A History of Violence

38 men were murdered in Glencoe on the 13th February 1692. Anther 40 women and children died of exposure after their homes were burned. By modern standards of human carnage this is, in truth, relatively minor. This approximately equals the daily toll of deaths in Iraq, an occurrence which now doesn’t even rate the headlines any more. At the time what was particularly horrific about the massacre was that it involved such a breach of the laws of hospitality. Under old Scots law there was a special category of murder known as “murder under trust” which was considered to be even more heinous than ordinary murder. The Glencoe event was a clear example. After the Second World War, the victorious allies put those Nazis who still survived, on trial at Nuremberg. Much importance was attributed to the so-called Nuremberg Principle which was established there – that it is illegal to carry out an illegal order.

This is “exactly the principle which emerged in the aftermath of the Glencoe massacre. Though the command of superior officers be very absolute, yet no command against the laws of nature is binding; so that a soldier, retaining his commission, ought to refuse to execute any barbarity, as if a soldier should be commanded to shoot a man passing by inoffensively, upon the street, no such command would exempt him from the punishment of murder.

The callous disregard for basic humanitarian law has always characterised the attitude of the British state towards Gaelic Scotland. Hence the sheer butchery after Culloden, and the proscribing of the highland dress, language and music. But how much has really changed over the centuries since Glencoe? Scotland is still a convenience to be exploited and abused in the interests of the British state. Hence the bizarre catalogue of superlatives Scotland can now claim – superlatives you will not find in the Guinness Book of Records.

  • We have the biggest dump of nuclear bombs in Europe, at Coulport. 25 miles from Glasgow
  • We have the longest runway in the world (now mothballed) at Machrihanish in the Mull of Kintyre, built to allow fully-loaded B52 bombers take of to incinerate Warsaw, Prague, Berlin, St Petersburg, Moscow, and dozens of other cities
  • We have largest dump of conventional high explosive in Europe at Glen Douglas near the not so-bonny-bonny banks of Loch Lomond.
  • We have Britain’s largest base for cluster-bomb carrying Tornado war planes, at Lossiemouth on the Moray Firth
  • We have the UKs only outdoor Depleted Uranium weapon range at Dundrennan on the Solway Firth
  • We have Europes largest live-firing range at Cape Wrath, the only place in Europe where NATO air-forces can drop live 1,000 Ib bombs on land.
  • We have virtually all the UKs Ultra Low Flying areas, where military jets can fly at roof top level.
  • We have the most radioactive polluted coastal waters of any nation in Europe thanks to Sellafield

The fact is that Scotland is a country that has been brutally militarised by the British State.

The amount of land the MoD currently controls in Scotland is four times greater than at any point during the Cold War. In 1980, the MoD owned or leased 24.8 thousand hectares in Scotland. Yet by 2003, land available to the MoD had risen over four times to 115.2 thousand hectares. This is the price we pay for being part of the Great British state.

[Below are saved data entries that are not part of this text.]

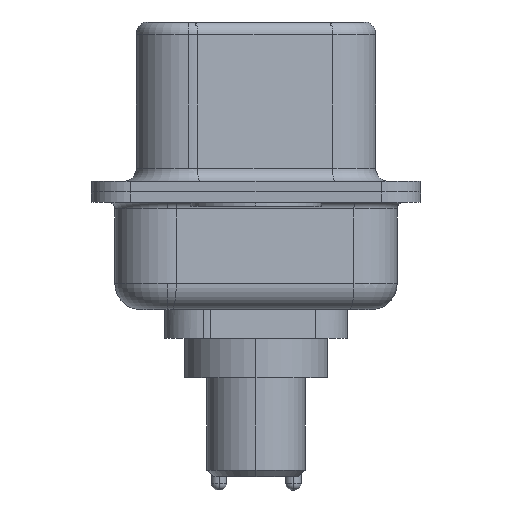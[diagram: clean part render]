
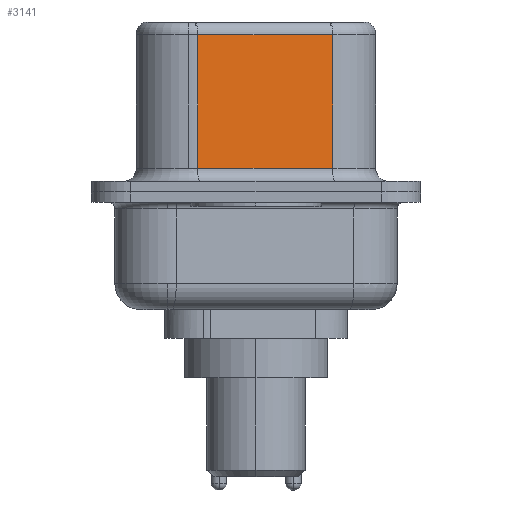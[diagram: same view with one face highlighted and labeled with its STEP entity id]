
A CAD part, left-side view. The second image highlights one B-rep face of the part: STEP entity #3141.
In plain terms, the highlighted planar face has unit normal (-0.985, -0.174, 0).
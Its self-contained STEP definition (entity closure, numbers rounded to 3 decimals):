
#501 = DIRECTION ( 'NONE',  ( 0.174, -0.985, 0. ) ) ;
#966 = LINE ( 'NONE', #19354, #12117 ) ;
#1338 = LINE ( 'NONE', #11647, #9499 ) ;
#1567 = CARTESIAN_POINT ( 'NONE',  ( 3.67, 2.233, 0.9 ) ) ;
#1598 = DIRECTION ( 'NONE',  ( -0.174, 0.985, 0. ) ) ;
#2185 = ORIENTED_EDGE ( 'NONE', *, *, #18229, .F. ) ;
#2531 = DIRECTION ( 'NONE',  ( 0., 0., -1. ) ) ;
#3141 = ADVANCED_FACE ( 'NONE', ( #17333 ), #17991, .F. ) ;
#3172 = VECTOR ( 'NONE', #501, 1000. ) ;
#3839 = VERTEX_POINT ( 'NONE', #4135 ) ;
#3919 = EDGE_LOOP ( 'NONE', ( #2185, #7741, #16090, #13660 ) ) ;
#4075 = CARTESIAN_POINT ( 'NONE',  ( 4.58, -2.927, 6.02 ) ) ;
#4135 = CARTESIAN_POINT ( 'NONE',  ( 4.58, -2.927, 6.02 ) ) ;
#5036 = VERTEX_POINT ( 'NONE', #18312 ) ;
#7250 = AXIS2_PLACEMENT_3D ( 'NONE', #14254, #16387, #1598 ) ;
#7360 = DIRECTION ( 'NONE',  ( 0., 0., -1. ) ) ;
#7741 = ORIENTED_EDGE ( 'NONE', *, *, #15924, .T. ) ;
#8980 = VECTOR ( 'NONE', #14707, 1000. ) ;
#9499 = VECTOR ( 'NONE', #2531, 1000. ) ;
#10267 = VERTEX_POINT ( 'NONE', #1567 ) ;
#10804 = LINE ( 'NONE', #17172, #3172 ) ;
#11069 = EDGE_CURVE ( 'NONE', #10267, #14832, #10804, .T. ) ;
#11647 = CARTESIAN_POINT ( 'NONE',  ( 3.67, 2.233, 6.52 ) ) ;
#12117 = VECTOR ( 'NONE', #7360, 1000. ) ;
#13660 = ORIENTED_EDGE ( 'NONE', *, *, #11069, .T. ) ;
#14254 = CARTESIAN_POINT ( 'NONE',  ( 4.58, -2.927, 6.52 ) ) ;
#14573 = LINE ( 'NONE', #4075, #8980 ) ;
#14707 = DIRECTION ( 'NONE',  ( -0.174, 0.985, 0. ) ) ;
#14832 = VERTEX_POINT ( 'NONE', #15561 ) ;
#15561 = CARTESIAN_POINT ( 'NONE',  ( 4.58, -2.927, 0.9 ) ) ;
#15903 = EDGE_CURVE ( 'NONE', #5036, #10267, #1338, .T. ) ;
#15924 = EDGE_CURVE ( 'NONE', #3839, #5036, #14573, .T. ) ;
#16090 = ORIENTED_EDGE ( 'NONE', *, *, #15903, .T. ) ;
#16387 = DIRECTION ( 'NONE',  ( 0.985, 0.174, 0. ) ) ;
#17172 = CARTESIAN_POINT ( 'NONE',  ( 4.58, -2.927, 0.9 ) ) ;
#17333 = FACE_OUTER_BOUND ( 'NONE', #3919, .T. ) ;
#17991 = PLANE ( 'NONE',  #7250 ) ;
#18229 = EDGE_CURVE ( 'NONE', #3839, #14832, #966, .T. ) ;
#18312 = CARTESIAN_POINT ( 'NONE',  ( 3.67, 2.233, 6.02 ) ) ;
#19354 = CARTESIAN_POINT ( 'NONE',  ( 4.58, -2.927, 6.52 ) ) ;

The fact that we have all Britain’s nuclear weapons dumped on us is only to be expected. The Gare Loch is a fiord, a sea-loch surrounded by mountains. So any accident there would only affect the natives in the Clyde valley, or Central Scotland. It is not as if real people might get killed.

In the light of these facts I was horrified to read recently that 40% of the people in Scotland have not even made up their mind whether to vote or not in the elections in May. Do they not see what an historic opportunity we have?

An independent Scotland is a nuclear free Scotland. And a nuclear-free Scotland means freedom from nuclear weapons not only for Scotland but for England as well. Because Trident is not like a taxi; you cannt simply move it from Faslane to Portsmouth or Plymouth. It requires a massive support system, principally storage for 200 atom bombs. These are at present kept in a hollowed-out mountain at Coulport. There are no mountains near Plymouth or Portsmouth. There is nowhere to store 200 atom bombs nearby.

So our message to our friends south of the border is this: Our fight is for our freedom and yours. An independent nuclear-free Scotland will free our brothers and sisters in England from the delusions of Britishness, from the fantasies of great-power chauvinism.

An independent nuclear-free Scotland means a UK free of nuclear weapons. A nuclear-free UK is a hugely significant step in the international struggle to free humanity from nuclear terrorism. We would then be in a position to exert great moral pressure on France to abandon her nuclear weapons and thus make the whole European Union a nuclear free area. Europe would join the African Continent, the Pacific and South America as part of the growing global nuclear-free areas.

Clearly, people in Scotland do not yet see the potentially enormous outcome to the Scottish elections in May. My friends, let us redouble our efforts to open the eyes of our fellow countrymen to the moral and political significance of the truly historic opportunities that lie before us in the these elections.

The greatest and most honourable testimonial we can pay to the murdered victims of Glencoe is the creation of a nuclear-fee, independent Scotland.